That was it. Am hour and a half. Who knew what had happened to Seifer in all that time? Fujin had to do something.

"GARDEN, FLY," she demanded.

"I'm sorry Ma'am, but there seems to be a bit of a situation on the dorms. Some of the students..."

"GARDEN, FLY!"

"... are getting unruly Commander Fujin ma'am. I'm sorry Ma'am, but you might want to get down there. We're having trouble containing it. Some of them have set fire to.."

She glared. He finished.

Fuck.

There were now two options to be considered. The first was, of course, to get her ass down to Delling and make sure that the third member of her posse wasn't the main course in some kind of magical sacrifice or whatever the hell Sorceresses did in their free time while they weren't fucking with her friends. The second would be not to disappoint him when he got back...

Inaudibly sighing, Fujin grabbed the front of the unfortunate private's uniform.

"TAKE," a hoarse growl emerged to to swipe at her inferior.

"TAKE NOW."

The students of Galbadia Garden were going to pay for this. Dearly.

***

There was something too organic about Delling Palace - all curves and veils and tendonlike arches. A beast of the ocean depths, perhaps, flowing blues and greys and translucence forming an ethereal sort of skeleton where perhaps a garden might have thrived. Too static for life, and too flowing for death.

A clever deception by a clever man, that.  Well, at least he must have been clever at some point.  Now he wasn't even a meal for the flies, having been vaporized for all to see on national television.  A blemish on the life of a man who'd fought against the most advanced empire of the modern age and lived to tell about it. It must have made him cocky - dealing with a Sorceress was never too healthy for unworthy mortal men. Still, President Delling's palace was something special among the baubles of the tyrants of the day - a brilliant facade.  It was deceptively far removed for the inferno depths of Galbadia's subterranean political prison, and gated away from the writhing hordes who didn't need to know that Galbadia had a subterranean political prison.

It didn't hurt that any dictator worth a damn armed his stronghold to the teeth.

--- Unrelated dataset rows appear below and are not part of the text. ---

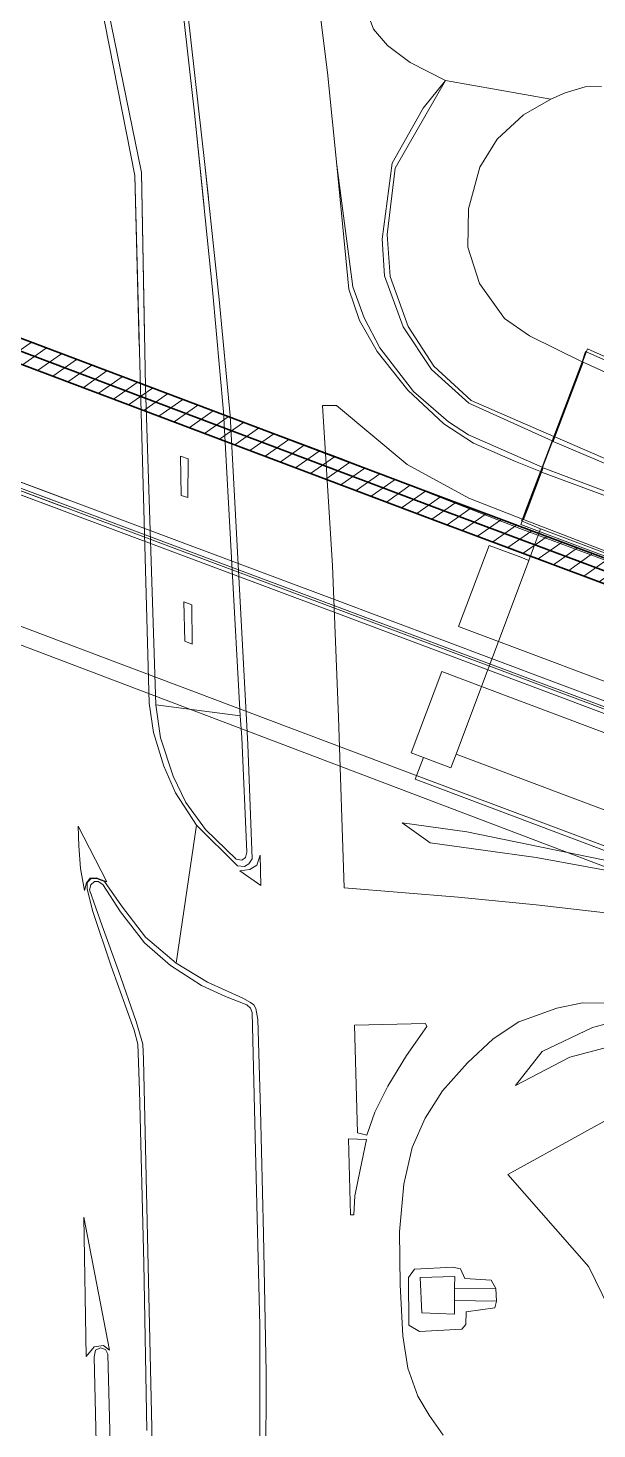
# Model space of a CAD drawing. Header units: metres. Extents: x 112942 to 118371, y 496117 to 499046.
# Drawn here: x 115475.6 to 115522.9, y 497496.9 to 497613.3 of the extents above; entities that cross this region are included whole.
import ezdxf

# ---------------------------------------------------------------- set-up
doc = ezdxf.new("R2010")
doc.units = ezdxf.units.M
for name, color, linetype, lineweight in [('B-WE-OG-TOPOKAART-G', 253, 'Continuous', 18), ('N-WE-KL-DATA_GLASVEZEL-G', 90, 'KL-GLASVEZEL-N', 35), ('N-WE-KL-DATA_KABELGOOT-A', 92, 'Continuous', 18), ('N-WE-KL-DATA_KABELGOOT-G', 90, 'Continuous', 35)]:
    doc.layers.add(name, color=color, linetype=linetype, lineweight=lineweight)
doc.linetypes.add('KL-GLASVEZEL-N', pattern='A,4,-1,[101,NLCS.SHX,S=0.5,R=0,X=0,Y=0],-1,4,-1,["G",Standard,S=1,R=0,X=-0.25,Y=-0.5],-1.5', length=12.5)

msp = doc.modelspace()

# ---------------------------------------------------------------- hatches: boundary and pattern name
at = {"layer": 'N-WE-KL-DATA_KABELGOOT-A'}
h = msp.add_hatch(dxfattribs=at)
h.set_pattern_fill('ANSI31', color=256, scale=0.35, style=0)
h.set_pattern_definition([(35, (115239.072, 497068.6275), (-0.6373868, 0.9102827), [])])
h.paths.add_polyline_path([(115409.834, 497611.872), (115409.133, 497609.998), (115429.111, 497602.526), (115472.372, 497586.338), (115508.985, 497572.531), (115553.699, 497555.805), (115598.336, 497539.082), (115647.466, 497520.636), (115672.726, 497511.137), (115673.43, 497513.009), (115648.168, 497522.508), (115599.038, 497540.954), (115554.399, 497557.679), (115509.689, 497574.403), (115473.076, 497588.21), (115429.811, 497604.4)])

# ---------------------------------------------------------------- linework, layer by layer
at = {"layer": 'B-WE-OG-TOPOKAART-G'}
for points in [[(115472.388, 497561.261, 0.155), (115472.47, 497568.502, 0.171), (115472.009, 497586.811, 0.196), (115471.358, 497602.911, 0.226), (115470.81, 497626.73, 0.266), (115470.174, 497669.904, 0.243), (115470.005, 497709.425, 0.32), (115469.887, 497734.478, 0.28), (115476.952, 497734.075, 0.535), (115477.048, 497714.528, 0.472), (115477.192, 497686.764, 0.458), (115477.408, 497677.577, 0.412), (115477.979, 497671.389, 0.446), (115479.136, 497661.056, 0.486), (115480.285, 497650.953, 0.478), (115480.476, 497646.021, 0.492), (115480.694, 497634.562, 0.412), (115481.024, 497619.141, 0.435), (115481.276, 497617.355, 0.435), (115484.485, 497601.019, 0.423), (115484.857, 497586.832, 0.411)], [(115485.289, 497587.758, 0.648), (115485.043, 497601.268, 0.67), (115481.525, 497618.476, 0.67), (115481.124, 497641.046, 0.692), (115481.042, 497646.612, 0.692), (115480.723, 497650.936, 0.692), (115479.953, 497658.257, 0.718), (115478.17, 497674.019, 0.627), (115477.805, 497677.456, 0.412), (115477.408, 497677.577, 0.412), (115477.192, 497686.764, 0.458), (115477.048, 497714.528, 0.472), (115476.952, 497734.075, 0.535), (115480.506, 497734.156, 0.512), (115481.096, 497715.171, 0.512), (115481.885, 497690.611, 0.466), (115482.7, 497673.728, 0.512), (115483.267, 497666.7, 0.512), (115482.883, 497666.58, 0.561), (115483.107, 497663.947, 0.675), (115484.903, 497647.168, 0.664), (115487.027, 497627.569, 0.69), (115489.432, 497606.187, 0.638), (115490.237, 497598.371, 0.65)], [(115490.606, 497599.161, 0.414), (115490.314, 497601.933, 0.426), (115488.622, 497616.974, 0.463), (115487.501, 497627.807, 0.478), (115486.173, 497640.094, 0.506), (115485.214, 497648.669, 0.495), (115484.064, 497659.084, 0.515), (115483.267, 497666.7, 0.512), (115482.7, 497673.728, 0.512), (115481.885, 497690.611, 0.466), (115481.096, 497715.171, 0.512), (115480.506, 497734.156, 0.512), (115487.563, 497733.848, 0.333), (115488.278, 497712.663, 0.38), (115489.309, 497689.096, 0.337), (115490.269, 497674.49, 0.383), (115491.689, 497661.59, 0.377), (115494.599, 497647.241, 0.36), (115497.253, 497633.482, 0.343), (115499.168, 497620.16, 0.327), (115499.429, 497618.083, 0.332)], [(115484.857, 497586.832, 0.411), (115484.485, 497601.019, 0.423), (115481.276, 497617.355, 0.435), (115481.024, 497619.141, 0.435), (115480.694, 497634.562, 0.412), (115480.476, 497646.021, 0.492), (115480.285, 497650.953, 0.478), (115479.136, 497661.056, 0.486), (115477.979, 497671.389, 0.446), (115477.408, 497677.577, 0.412), (115477.805, 497677.456, 0.412), (115478.17, 497674.019, 0.627), (115479.953, 497658.257, 0.718), (115480.723, 497650.936, 0.692), (115481.042, 497646.612, 0.692), (115481.124, 497641.046, 0.692), (115481.525, 497618.476, 0.67), (115485.043, 497601.268, 0.67), (115485.289, 497587.758, 0.648)], [(115490.237, 497598.371, 0.65), (115489.432, 497606.187, 0.638), (115487.027, 497627.569, 0.69), (115484.903, 497647.168, 0.664), (115483.107, 497663.947, 0.675), (115482.883, 497666.58, 0.561), (115483.267, 497666.7, 0.512), (115484.064, 497659.084, 0.515), (115485.214, 497648.669, 0.495), (115486.173, 497640.094, 0.506), (115487.501, 497627.807, 0.478), (115488.622, 497616.974, 0.463), (115490.314, 497601.933, 0.426), (115490.606, 497599.161, 0.414)], [(115486.22, 497557.049, 0.641), (115486.624, 497554.3, 0.632), (115487.675, 497551.13, 0.652), (115488.713, 497548.928, 0.652), (115490.362, 497546.707, 0.658), (115492.896, 497544.219, 0.652), (115493.379, 497544.153, 0.652), (115493.666, 497544.379, 0.652), (115493.795, 497544.801, 0.652), (115493.366, 497554.34, 0.647), (115493.241, 497556.139, 0.649), (115491.848, 497581.388, 0.661), (115490.944, 497591.512, 0.661), (115489.432, 497606.187, 0.638), (115487.027, 497627.569, 0.69)], [(115487.027, 497627.569, 0.69), (115489.432, 497606.187, 0.638), (115490.944, 497591.512, 0.661), (115491.848, 497581.388, 0.661)], [(115512.195, 497579.476, 0.597), (115510.533, 497580.543, 0.54), (115507.641, 497583.069, 0.48), (115504.835, 497586.712, 0.41), (115503.536, 497589.197, 0.353), (115502.596, 497591.76, 0.337), (115501.261, 497601.874, 0.35), (115500.5, 497609.57, 0.35), (115499.168, 497620.16, 0.327)], [(115499.168, 497620.16, 0.327), (115500.5, 497609.57, 0.35), (115501.261, 497601.874, 0.35), (115502.266, 497591.585, 0.263), (115503.151, 497588.982, 0.263), (115504.603, 497586.408, 0.303), (115507.152, 497583.17, 0.353), (115510.162, 497580.377, 0.377), (115512.621, 497578.784, 0.437), (115516.087, 497577.249, 0.5), (115518.167, 497576.42, 0.53), (115516.964, 497573.25, 0.607), (115516.67, 497572.471, 0.585), (115512.228, 497574.226, 0.467), (115507.099, 497577.021, 0.451), (115501.246, 497581.918, 0.393), (115500.069, 497581.912, 0.369), (115500.891, 497568.606, 0.415), (115501.413, 497556.02, 0.407), (115501.876, 497541.862, 0.344), (115511.352, 497541.082, 0.454), (115517.825, 497540.445, 0.448), (115525.275, 497539.582, 0.527)], [(115478.913, 497574.085, 6.997), (115461.108, 497580.739, 6.98), (115427.953, 497593.153, 6.947), (115391.189, 497606.931, 6.895), (115391.175, 497607.607, 7.026), (115391.111, 497611.35, 6.966), (115391.025, 497615.033, 6.894), (115391.018, 497615.36, 6.894), (115390.967, 497617.9, 6.895), (115429.461, 497603.463, 6.97), (115472.724, 497587.274, 6.963), (115483.218, 497583.317, 6.957)], [(115491.848, 497581.388, 0.661), (115493.241, 497556.139, 0.649), (115486.22, 497557.049, 0.641), (115485.367, 497583.448, 0.641), (115485.043, 497601.268, 0.67), (115481.525, 497618.476, 0.67)], [(115481.525, 497618.476, 0.67), (115485.043, 497601.268, 0.67), (115485.367, 497583.448, 0.641), (115486.22, 497557.049, 0.641)], [(115481.276, 497617.355, 0.435), (115484.485, 497601.019, 0.423), (115484.922, 497584.347, 0.409), (115485.687, 497557.187, 0.355), (115486.051, 497554.739, 0.403), (115486.893, 497551.943, 0.403), (115487.856, 497549.74, 0.392), (115489.619, 497547.047, 0.377), (115487.927, 497535.602, 0.37), (115485.384, 497537.758, 0.37), (115483.376, 497540.343, 0.353), (115481.967, 497542.376, 0.335), (115481.305, 497542.629, 0.335), (115480.843, 497542.609, 0.312), (115480.531, 497542.296, 0.312), (115480.526, 497541.735, 0.297), (115481.002, 497539.894, 0.3), (115482.538, 497535.35, 0.321), (115484.433, 497530.037, 0.321), (115484.74, 497528.878, 0.321), (115484.875, 497525.032, 0.321), (115485.226, 497510.67, 0.341), (115485.496, 497496.79, 0.335)], [(115488.622, 497616.974, 0.463), (115490.314, 497601.933, 0.426), (115491.495, 497590.716, 0.377), (115492.395, 497581.072, 0.42), (115493.863, 497553.761, 0.412), (115494.244, 497544.26, 0.389), (115493.946, 497543.833, 0.389), (115493.595, 497543.635, 0.389), (115493.011, 497543.672, 0.389), (115489.619, 497547.047, 0.377), (115487.856, 497549.74, 0.392), (115486.893, 497551.943, 0.403), (115486.051, 497554.739, 0.403), (115485.687, 497557.187, 0.355), (115484.922, 497584.347, 0.409), (115484.485, 497601.019, 0.423), (115481.276, 497617.355, 0.435)], [(115495.369, 497493.793, 0.408), (115495.385, 497501.55, 0.437), (115495.178, 497513.111, 0.419), (115494.929, 497523.424, 0.39), (115494.69, 497530.93, 0.376), (115494.528, 497531.839, 0.376), (115494.379, 497532.138, 0.376), (115494.089, 497532.317, 0.376), (115493.446, 497532.683, 0.376), (115490.521, 497534.011, 0.393), (115487.927, 497535.602, 0.37), (115489.619, 497547.047, 0.377), (115493.011, 497543.672, 0.389), (115493.595, 497543.635, 0.389), (115493.946, 497543.833, 0.389), (115494.244, 497544.26, 0.389), (115493.863, 497553.761, 0.412), (115492.395, 497581.072, 0.42), (115491.495, 497590.716, 0.377), (115490.314, 497601.933, 0.426), (115488.622, 497616.974, 0.463)], [(115503.444, 497615.462, 0.03), (115504.311, 497613.169, 0.007), (115505.478, 497611.806, -0.019), (115507.351, 497610.389, -0.06), (115510.275, 497608.895, -0.017), (115508.433, 497606.603, 0.27), (115505.869, 497602.029, 0.26), (115505.039, 497595.728, 0.32), (115505.211, 497592.679, 0.32), (115506.762, 497588.44, 0.33), (115509.121, 497584.901, 0.347), (115512.236, 497582.096, 0.39), (115519.131, 497578.962, 0.658), (115518.303, 497576.778, 0.623), (115512.195, 497579.476, 0.597)], [(115523.239, 497608.394, -0.275), (115521.893, 497608.38, -0.275), (115520.224, 497607.887, -0.296), (115519.027, 497607.361, -0.247), (115510.275, 497608.895, -0.017), (115507.351, 497610.389, -0.06), (115505.478, 497611.806, -0.019), (115504.311, 497613.169, 0.007), (115503.444, 497615.462, 0.03)], [(115512.236, 497582.096, 0.39), (115509.121, 497584.901, 0.347), (115506.762, 497588.44, 0.33), (115505.211, 497592.679, 0.32), (115505.039, 497595.728, 0.32), (115505.869, 497602.029, 0.26), (115508.433, 497606.603, 0.27), (115510.275, 497608.895, -0.017), (115506.119, 497601.624, 0.09), (115505.446, 497596.102, 0.103), (115505.698, 497592.613, 0.11), (115507.184, 497588.463, 0.117), (115509.33, 497585.172, 0.177), (115512.43, 497582.334, 0.247), (115519.275, 497579.341, 0.539), (115519.131, 497578.962, 0.658), (115512.236, 497582.096, 0.39)], [(115512.43, 497582.334, 0.247), (115509.33, 497585.172, 0.177), (115507.184, 497588.463, 0.117), (115505.698, 497592.613, 0.11), (115505.446, 497596.102, 0.103), (115506.119, 497601.624, 0.09), (115510.275, 497608.895, -0.017), (115519.027, 497607.361, -0.247), (115516.755, 497606.055, -0.197), (115514.585, 497604.016, -0.097), (115513.134, 497601.697, -0.037), (115512.207, 497598.237, -0.013), (115512.131, 497595.061, 0.03), (115513.114, 497592.035, 0.107), (115515.193, 497589.124, 0.203), (115517.256, 497587.703, 0.236), (115521.625, 497585.534, 0.723), (115519.275, 497579.341, 0.539), (115512.43, 497582.334, 0.247)], [(115517.256, 497587.703, 0.236), (115515.193, 497589.124, 0.203), (115513.114, 497592.035, 0.107), (115512.131, 497595.061, 0.03), (115512.207, 497598.237, -0.013), (115513.134, 497601.697, -0.037), (115514.585, 497604.016, -0.097), (115516.755, 497606.055, -0.197), (115519.027, 497607.361, -0.247), (115520.224, 497607.887, -0.296), (115521.893, 497608.38, -0.275), (115523.239, 497608.394, -0.275)], [(115473.54, 497562.563, 6.662), (115467.288, 497564.935, 6.931), (115434.472, 497577.299, 7.038), (115395.453, 497591.859, 7.038), (115382.57, 497596.773, 6.917), (115382.633, 497597.107, 9.27), (115382.682, 497597.363, 6.917), (115380.943, 497597.692, 6.903), (115380.961, 497598.363, 6.997), (115381.083, 497598.691, 6.997), (115391.314, 497594.856, 7.01), (115391.382, 497594.904, 7.01), (115391.379, 497595.031, 7.687), (115391.346, 497596.693, 7.074), (115391.324, 497597.777, 6.996), (115391.248, 497601.516, 6.984), (115391.174, 497605.182, 6.903), (115391.16, 497605.875, 6.983), (115391.159, 497605.921, 6.877), (115391.151, 497606.348, 6.953), (115431.181, 497591.302, 7.037), (115473.464, 497575.415, 7.077), (115478.631, 497573.48, 7.077)], [(115391.432, 497594.905, 7.01), (115391.396, 497596.694, 7.074), (115391.374, 497597.778, 6.996), (115391.298, 497601.517, 6.984), (115391.224, 497605.183, 6.903), (115391.21, 497605.883, 6.877), (115395.642, 497604.239, 6.967), (115411.152, 497598.398, 7.009), (115427.603, 497592.218, 6.947), (115460.758, 497579.804, 6.98), (115478.489, 497573.177, 6.997)], [(115516.087, 497577.249, 0.5), (115512.621, 497578.784, 0.437), (115510.162, 497580.377, 0.377), (115507.152, 497583.17, 0.353), (115504.603, 497586.408, 0.303), (115503.151, 497588.982, 0.263), (115502.266, 497591.585, 0.263), (115501.261, 497601.874, 0.35), (115502.596, 497591.76, 0.337), (115503.536, 497589.197, 0.353), (115504.835, 497586.712, 0.41), (115507.641, 497583.069, 0.48), (115510.533, 497580.543, 0.54), (115512.195, 497579.476, 0.597), (115518.303, 497576.778, 0.623), (115518.167, 497576.42, 0.53), (115516.087, 497577.249, 0.5)], [(115446.556, 497598.107, 6.858), (115477.137, 497586.663, 7.12), (115491.127, 497581.446, 7.12), (115501.537, 497577.523, 7.129), (115516.452, 497571.688, 7.093), (115528.692, 497567.164, 7.12), (115542.843, 497561.929, 7.12), (115574.49, 497550.041, 7.12), (115586.899, 497545.411, 7.12), (115598.658, 497541.05, 7.12), (115617.619, 497533.798, 7.12), (115637.471, 497526.33, 7.12), (115648.724, 497522.228, 7.12), (115664.03, 497516.609, 6.973), (115673.069, 497513.282, 7.039), (115694.12, 497505.354, 7.087), (115709.66, 497499.535, 7.087)], [(115446.556, 497598.107, 6.858), (115477.137, 497586.663, 7.12), (115483.646, 497584.236, 7.12)], [(115472.724, 497587.274, 6.963), (115509.337, 497573.467, 6.943), (115554.049, 497556.742, 6.943), (115598.687, 497540.018, 6.96), (115647.817, 497521.572, 7.013), (115680.382, 497509.327, 7.067), (115711.719, 497497.702, 7.083)], [(115528.869, 497583.31, -0.747), (115521.903, 497586.4, 0.003), (115521.625, 497585.534, 0.723), (115517.256, 497587.703, 0.236)], [(115618.586, 497533.866, 3.283), (115599.233, 497541.127, 2.767), (115573.084, 497550.865, 2.037), (115556.282, 497557.221, 1.681), (115545.733, 497561.148, 1.426), (115536.334, 497564.571, 1.024), (115516.537, 497572.04, 0.946), (115516.645, 497572.305, 0.73), (115516.716, 497572.451, 0.585), (115517.011, 497573.232, 0.607), (115518.35, 497576.76, 0.623), (115519.256, 497579.149, 0.603), (115521.672, 497585.517, 0.723), (115522.072, 497586.612, 0.706), (115528.889, 497583.579, 0.799), (115537.32, 497579.758, 1.057), (115557.694, 497570.527, 1.621), (115587.212, 497557.149, 2.341), (115595.657, 497553.406, 2.487), (115618.567, 497544.862, 3.298)], [(115645.074, 497524.852, -0.225), (115612.921, 497536.926, -0.247), (115592.077, 497544.747, -0.203), (115568.162, 497553.761, -0.218), (115556.507, 497558.147, -0.233), (115556.229, 497557.396, -0.233), (115539.745, 497563.584, -0.248), (115518.187, 497571.673, -0.198), (115516.599, 497572.325, 0.73), (115516.67, 497572.471, 0.585), (115516.964, 497573.25, 0.607), (115518.167, 497576.42, 0.53), (115518.303, 497576.778, 0.623), (115519.131, 497578.962, 0.658), (115519.275, 497579.341, 0.539), (115521.625, 497585.534, 0.723), (115521.903, 497586.4, 0.003), (115528.869, 497583.31, -0.747)], [(115519.368, 497579.306, 0.539), (115521.718, 497585.499, 0.723), (115542.164, 497576.202, 1.247), (115571.394, 497562.969, 2.01), (115586.834, 497555.884, 2.253), (115595.208, 497552.293, 2.487), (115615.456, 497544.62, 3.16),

There was a spiral stairwell in the forum of the building, and it seemed to be the only escape from a suffocating crush of human bodies.  Humidity of breath and scent of battle took on a life of its own, an entity thriving on the tattered mass whose very presence contradicted their surroundings' gentility.

It was odd, then, that only one man stood on that stairwell. A tattered sort of man - worn and bloodstained white - who could on his better days burn brighter than the sun. 

"Alright. I want company one to get their asses to the rooftop and man the rail guns - and for Hyne's sake flow that goddamn clock the fuck up. Second company is searching every goddamn corner of this place for our gunmen, and if you even think about killing them I will personally hand your ass to you. You find someone, you report to me. Third company - you're at the breach.  BARRICADE is the word, people. We're not getting through this alive or in control with just some pansy sniping, and if these people manage to seize the palace and start a revolution none of you are getting paid.  The rest of you get your asses to the walltop.  I want a sentry every ten meters.  Is that clear? "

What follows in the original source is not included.